Exercise: Show every line in the material below in which the string "Trigger" appears.

Provided material:
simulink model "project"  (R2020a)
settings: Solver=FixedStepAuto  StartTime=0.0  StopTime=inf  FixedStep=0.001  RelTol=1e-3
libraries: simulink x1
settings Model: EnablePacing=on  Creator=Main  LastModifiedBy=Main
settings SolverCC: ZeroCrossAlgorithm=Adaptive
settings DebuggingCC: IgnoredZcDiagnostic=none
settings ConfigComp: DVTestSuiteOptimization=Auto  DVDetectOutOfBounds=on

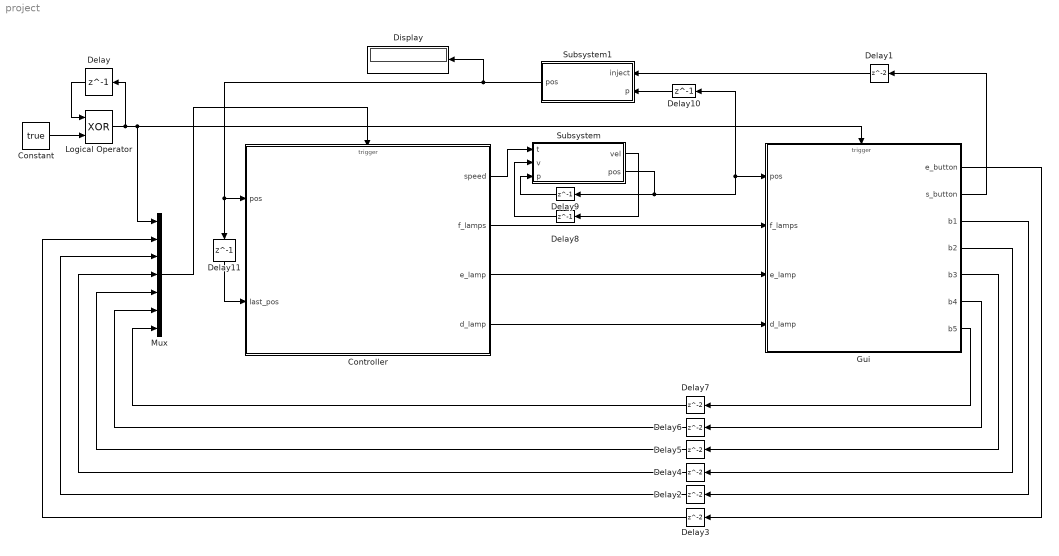
== system project ==
  Constant : Constant  Value=true  OutDataTypeStr=boolean
  Controller : Stateflow chart  TreatAsAtomicUnit=on
  Delay : Delay  DelayLength=1
  Delay{1..7} (7 alike) : Delay
  Delay10 : Delay  DelayLength=1  InitialCondition=1
  Delay11 : Delay  DelayLength=1
  Delay8 : Delay  DelayLength=1
  Delay9 : Delay  DelayLength=1  InitialCondition=1
  Display : Display
  Gui : Stateflow chart  TreatAsAtomicUnit=on
  Logical Operator : Logic  Operator=XOR  AllPortsSameDT=off  OutDataTypeStr=boolean
  Mux : Mux  Inputs=7
  Subsystem : Subsystem
  Subsystem1 : Subsystem
  wires:
  Controller/3(e_lamp) -> Gui/3(e_lamp)
  Controller/4(d_lamp) -> Gui/4(d_lamp)
  Controller/2(f_lamps) -> Gui/2(f_lamps)
  Logical Operator/1 -> Gui/Trigger, Mux/1, Delay/1
  Mux/1 -> Controller/Trigger
  Gui/1(e_button) -> Delay3/1
  Delay3/1 -> Mux/2
  Delay2/1 -> Mux/3
  Gui/3(b1) -> Delay2/1
  Gui/4(b2) -> Delay4/1
  Gui/5(b3) -> Delay5/1
  Gui/6(b4) -> Delay6/1
  Delay4/1 -> Mux/4
  Delay5/1 -> Mux/5
  Delay6/1 -> Mux/6
  Delay7/1 -> Mux/7
  Gui/7(b5) -> Delay7/1
  Constant/1 -> Logical Operator/2
  Delay/1 -> Logical Operator/1
  Controller/1(speed) -> Subsystem/1(t)
  Subsystem/2(pos) -> Delay10/1, Gui/1(pos), Delay9/1
  Delay8/1 -> Subsystem/2(v)
  Subsystem/1(vel) -> Delay8/1
  Delay9/1 -> Subsystem/3(p)
  Delay11/1 -> Controller/2(last_pos)
  Gui/2(s_button) -> Delay1/1
  Delay10/1 -> Subsystem1/2(p)
  Subsystem1/1(pos) -> Display/1, Controller/1(pos), Delay11/1
  Delay1/1 -> Subsystem1/1(inject)

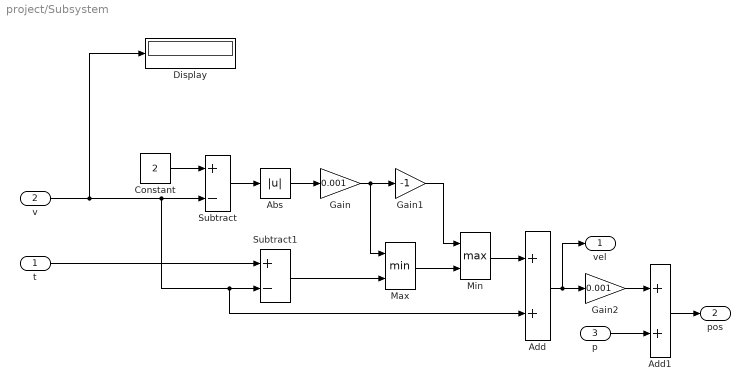
== system project/Subsystem ==
  t : Inport
  v : Inport  Port=2
  p : Inport  Port=3
  Abs : Abs
  Add : Sum
  Add1 : Sum
  Constant : Constant  Value=2
  Display : Display
  Gain : Gain  Gain=0.001
  Gain1 : Gain  Gain=-1
  Gain2 : Gain  Gain=0.001
  Max : MinMax  Inputs=2
  Min : MinMax  Function=max  Inputs=2
  Subtract : Sum  Inputs=+-
  Subtract1 : Sum  Inputs=+-
  vel : Outport
  pos : Outport  Port=2
  wires:
  v/1 -> Display/1, Add/2, Subtract1/2, Subtract/2
  Subtract/1 -> Abs/1
  Abs/1 -> Gain/1
  t/1 -> Subtract1/1
  Subtract1/1 -> Max/2
  Gain/1 -> Gain1/1, Max/1
  Max/1 -> Min/2
  Gain1/1 -> Min/1
  Min/1 -> Add/1
  Add/1 -> vel/1, Gain2/1
  Gain2/1 -> Add1/1
  p/1 -> Add1/2
  Add1/1 -> pos/1
  Constant/1 -> Subtract/1

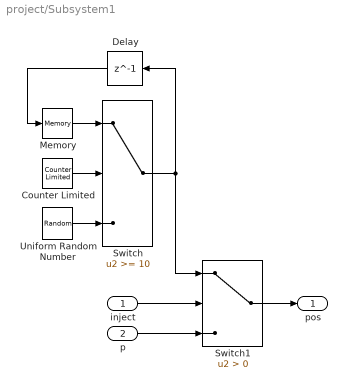
== system project/Subsystem1 ==
  inject : Inport
  p : Inport  Port=2
  Counter Limited : simulink/Sources/Counter Limited  uplimit=1000  tsamp=-1
  Delay : Delay  DelayLength=1
  Memory : Memory
  Switch : Switch  Threshold=10
  Switch1 : Switch  Criteria=u2 > Threshold
  Uniform Random Number : UniformRandomNumber  Minimum=0  Maximum=5  SampleTime=0.001
  pos : Outport
  wires:
  Counter Limited/1 -> Switch/2
  Memory/1 -> Switch/1
  Switch/1 -> Switch1/1, Delay/1
  Delay/1 -> Memory/1
  inject/1 -> Switch1/2
  Switch1/1 -> pos/1
  p/1 -> Switch1/3
  Uniform Random Number/1 -> Switch/3

== stateflow chart project/Gui ==
  settings: sampleTime=0.01  executeAtInitialization=1
  state Gui
    en: ml.mk_figure(); ml.mk_controls();
    du:
    ml.set_lights(f_lamps, d_lamp, e_lamp);
    ml.move_lift(pos);
    state Button4 [parallel]
      settings: executionOrder=4
      state On
        en: b4 = 1;
      state Off
        en: b4 = 0;
      (default) -> Gui.Button4.Off
      Gui.Button4.Off -> Gui.Button4.On : [ml.get_state(4)]
      Gui.Button4.On -> Gui.Button4.Off : [f_lamps[3] > 0]
          | /{ml.set_state(4,0);}
    state Button5 [parallel]
      settings: executionOrder=8
      state On
        en: b5 = 1;
      state Off
        en: b5 = 0;
      (default) -> Gui.Button5.Off
      Gui.Button5.Off -> Gui.Button5.On : [ml.get_state(5)]
      Gui.Button5.On -> Gui.Button5.Off : [f_lamps[4] > 0]
          | /{ml.set_state(5,0);}
    state Button3 [parallel]
      settings: executionOrder=3
      state On
        en: b3 = 1;
      state Off
        en: b3 = 0;
      (default) -> Gui.Button3.Off
      Gui.Button3.Off -> Gui.Button3.On : [ml.get_state(3)]
      Gui.Button3.On -> Gui.Button3.Off : [f_lamps[2] > 0]
          | /{ml.set_state(3,0);}
    state Doors [parallel]
      settings: executionOrder=7
      state On
        en: ml.set_door(1);
      state Closed
        en: ml.set_door(0);
      (default) -> Closed
      Closed -> Gui.Doors.On : [d_lamp == 1]
      Gui.Doors.On -> Closed : [d_lamp == 0]
    state Button2 [parallel]
      settings: executionOrder=2
      state On
        en: b2 = 1;
      state Off
        en: b2 = 0;
      (default) -> Gui.Button2.Off
      Gui.Button2.Off -> Gui.Button2.On : [ml.get_state(2)]
      Gui.Button2.On -> Gui.Button2.Off : [f_lamps[1] > 0]
          | /{ml.set_state(2,0);}
    state ButtonS [parallel]
      settings: executionOrder=6
      state On
        en: s_button = 1;
        ml.inject(1);
      state Off
        en: s_button = 0;
        ml.inject(0);
      (default) -> Gui.ButtonS.Off
      Gui.ButtonS.Off -> Gui.ButtonS.On : [ml.get_state(ST)]
          | {ml.set_state(ST,0);}
      Gui.ButtonS.On -> Gui.ButtonS.Off : [ml.get_state(ST)]
          | {ml.set_state(ST,0);}
    state Button1 [parallel]
      settings: executionOrder=1
      state On
        en: b1 = 1;
      state Off
        en: b1 = 0;
      (default) -> Gui.Button1.Off
      Gui.Button1.Off -> Gui.Button1.On : [ml.get_state(1)]
      Gui.Button1.On -> Gui.Button1.Off : [f_lamps[0] > 0]
          | /{ml.set_state(1,0);}
    state ButtonE [parallel]
      settings: executionOrder=5
      state On
        en: e_button = 1;
      state Off
        en: e_button = 0;
      (default) -> Gui.ButtonE.Off
      Gui.ButtonE.Off -> Gui.ButtonE.On : [ml.get_state(EM)]
          | /{last_estate = e_lamp;}
      Gui.ButtonE.On -> Gui.ButtonE.Off : [e_lamp != last_estate || after(1, sec)]
          | /{ml.set_state(EM,0);}
  data: pos input double; f_lamps input int8 size=5; e_lamp input boolean; d_lamp input boolean; e_button output boolean; s_button output boolean; EM constant double =6; ST constant double =7; b1 output boolean =0; b2 output boolean =0; b3 output boolean =0; b4 output boolean =0; b5 output boolean =0; last_estate local double =1
  events: TIC input RISING_EDGE_EVENT

== stateflow chart project/Controller ==
  settings: sampleTime=0.01  executeAtInitialization=1
  state ControlModule
    state FloorButton [parallel]
      settings: executionOrder=2
      state Buttons
      Buttons -> Buttons [order 1] : B1 /{lamp_state(1); Button}
      (default) -> Buttons
      Buttons -> Buttons [order 5] : B5 /{lamp_state(5);
          |        Button}
      Buttons -> Buttons [order 2] : B2 /{lamp_state(2);
          |         Button}
      Buttons -> Buttons [order 3] : B3 /{lamp_state(3); Button}
      Buttons -> Buttons [order 4] : B4 /{lamp_state(4);
          |         Button}
    state Controller [parallel]
      settings: executionOrder=1
      state Normal
        state Moving
          state FullSpeed
          state Break
            du: speed = target - pos;
          (default) -> FullSpeed
          FullSpeed -> Break [order 1] : [ab(pos - target) < 0.4]
        state Idle
          en: speed = 0;
        state Plan
          en:
          plan();
          speed = direction * MAX_SPEED;
        state Doors
          en:
          f_lamps[target-1] = LAMP_HERE;
          d_lamp = 1;
        state DoorWait
        Idle -> Plan [order 3] : [sumlamps() > 0]
        (default) -> Idle
        Plan -> Moving [order 2] : [at_floor() != target]
        Idle -> Plan [order 1] : Button
        FullSpeed -> Plan [order 2] : Button
        Plan -> Idle [order 1] : [target < 1]
        Idle -> Doors [order 2] : [d_lamp]
        Doors -> Plan : [after(5, sec)]
            | /{d_lamp = 0;
            |   f_lamps[target-1] = LAMP_OFF;}
        Plan -> Doors [order 3] : [at_floor() == target && speed == 0]
        Moving -> DoorWait : [at_floor() == target]
            | /{speed = 0;}
        DoorWait -> Doors : [after(0.5,sec)]
      state Emergency
        en:
        e_lamp = 1;
        speed = 0;
        state WaitForRelease
        state Stabilize
        Stabilize -> WaitForRelease [order 2] : [after(5, sec)]
        Stabilize -> Stabilize [order 1] : [ab(pos - last_pos) > POS_FAULT]
        WaitForRelease -> Stabilize [order 1] : [ab(pos - last_pos) > POS_FAULT]
      (default) -> Normal
      WaitForRelease -> Doors [order 2] : Emergency[d_lamp == 1]
          | /{e_lamp = 0;}
      WaitForRelease -> Normal [order 3] : Emergency[d_lamp == 0]
          | /{e_lamp = 0;}
      Normal -> WaitForRelease [order 1] : Emergency
      Normal -> Stabilize [order 2] : [ab(pos - last_pos) > POS_FAULT]
  (default) -> ControlModule
  data: y function_output double; k function_input double; s function_output int8; v function_output double; x function_input double; speed output double; pos input double; f_lamps output int8 size=5; e_lamp output boolean; LAMP_OFF constant int8 =0; LAMP_ON constant int8 =1; LAMP_TARGET constant int8 =2; LAMP_HERE constant int8 =3; MAX_SPEED constant double =1; target local int8 =-1; direction local double =0; d_lamp output boolean; FLOORS constant int8 =5; last_pos input; POS_FAULT constant double =0.1
  events: TIC input RISING_EDGE_EVENT; Emergency input RISING_EDGE_EVENT; B1 input RISING_EDGE_EVENT; B2 input RISING_EDGE_EVENT; B3 input RISING_EDGE_EVENT; B4 input RISING_EDGE_EVENT; Button local RISING_EDGE_EVENT; B5 input RISING_EDGE_EVENT
  function y = at_floor:
    | % calculate which floor the elevator is on
    | % if elevator not at a floor, return -1
    | function y = at_floor()
    |     %y = -1;
    |     %for k = 1:FLOORS
    |     %    if abs(pos - k) < 0.01
    |     %        y = k;
    |     %        return;
    |     %    end
    |     nearest = round(pos);
    |     if abs(pos - nearest) < 0.02
    |         y = nearest;
    |     else
    |         y = -1;
    |     end
    | end
  function plan:
    | % set target of elevator, and update the floor state
    | % since the lamps colour is based on floor state, why not use that?
    | function plan()
    |     old_target = target;    % used to set state of old target from Target to On
    |     % if currently going up, prioritise the up direction
    |     if direction > 0
    |         if look_up(old_target)
    |             % nothing up, look down
    |             if look_down(old_target)
    |                 % nothing down either, elevator is idle
    |                 direction = 0;
    |                 target = int8(-1);
    |             end
    |         end
    |     else
    |         % if going down, or if idle, look down first then up
    |         if look_down(old_target)
    |             if look_up(old_target)
    |                 % noting, elevator is idle
    |                 direction = 0;
    |                 target = int8(-1);
    |             end
    |         end
    |     end
    | end
    | 
    | % look floors above
    | % if no target, returns 1 - otherwise returns 0
    | function no = look_up(old_target)
    |     % just in case elevator is slightly above top floor
    |     % shouldn't happen, but just in case
    |     next_floor = min(ceil(pos+0.5), FLOORS);
    |     no = 1;
    |     % look at above floors, starting with nearest
    |     for k = next_floor:FLOORS
    |         % if floor light is on, or if floor is already target
    |         if f_lamps(k) == LAMP_ON || f_lamps(k) == LAMP_TARGET
    |             % if not target, old target should not be target
    |             % but should still be on
    |             if old_target > 0
    |                 if f_lamps(old_target) == LAMP_TARGET
    |                     f_lamps(old_target) = LAMP_ON;
    |                 end
    |             end
    |             % set as target
    |             f_lamps(k) = LAMP_TARGET;
    |             target = int8(k);
    |             if target ~= at_floor()
    |                 direction = 1;
    |             end
    |             no = 0;
    |             return;
    |         end
    |     end
    | end
    | 
    | % look floors below
    | % if no target, returns 1 - otherwise returns 0
    | function no = look_down(old_target)
    |     % just in case elevator is slightly below bottom floor
    |     % shouldn't happen, but just in case
    |     next_floor = max(floor(pos-0.5), 1);
    |     no = 1;
    |     % look at below floors, starting with nearest
    |     for k = 1:next_floor
    |         ind = int8(next_floor + 1 - k);
    |         % if floor light is on, or if floor is already target
    |         if f_lamps(ind) == LAMP_ON || f_lamps(ind) == LAMP_TARGET
    |             % if not target, old target should not be target
    |             % but should still be on
    |             if old_target > 0
    |                 if f_lamps(old_target) == LAMP_TARGET
    |                     f_lamps(old_target) = LAMP_ON;
    |                 end
    |             end
    |             % set as target
    |             f_lamps(ind) = LAMP_TARGET;
    |             target = ind;
    |             if target ~= at_floor()
    |                 direction = -1;
    |             end
    |             no = 0;
    |             return;
    |         end
    |     end
    | end
  function lamp_state(k):
    | % toggle state of lamp k between on and off
    | % ignored if lamp is in state target or here
    | function lamp_state(k)
    |     %for k=1:FLOORS
    |         if f_lamps(k) == LAMP_OFF
    |             f_lamps(k) = LAMP_ON;
    |         end
    |     %end
    | end
  function s = sumlamps:
    | function s = sumlamps()
    |     s = f_lamps(1) + f_lamps(2) + f_lamps(3) + f_lamps(4) + f_lamps(5);
    | end
  function v = ab(x):
    | function v = ab(x)
    |     v = abs(x);
    | end

Result of the task:
  Logical Operator/1 -> Gui/Trigger, Mux/1, Delay/1
  Mux/1 -> Controller/Trigger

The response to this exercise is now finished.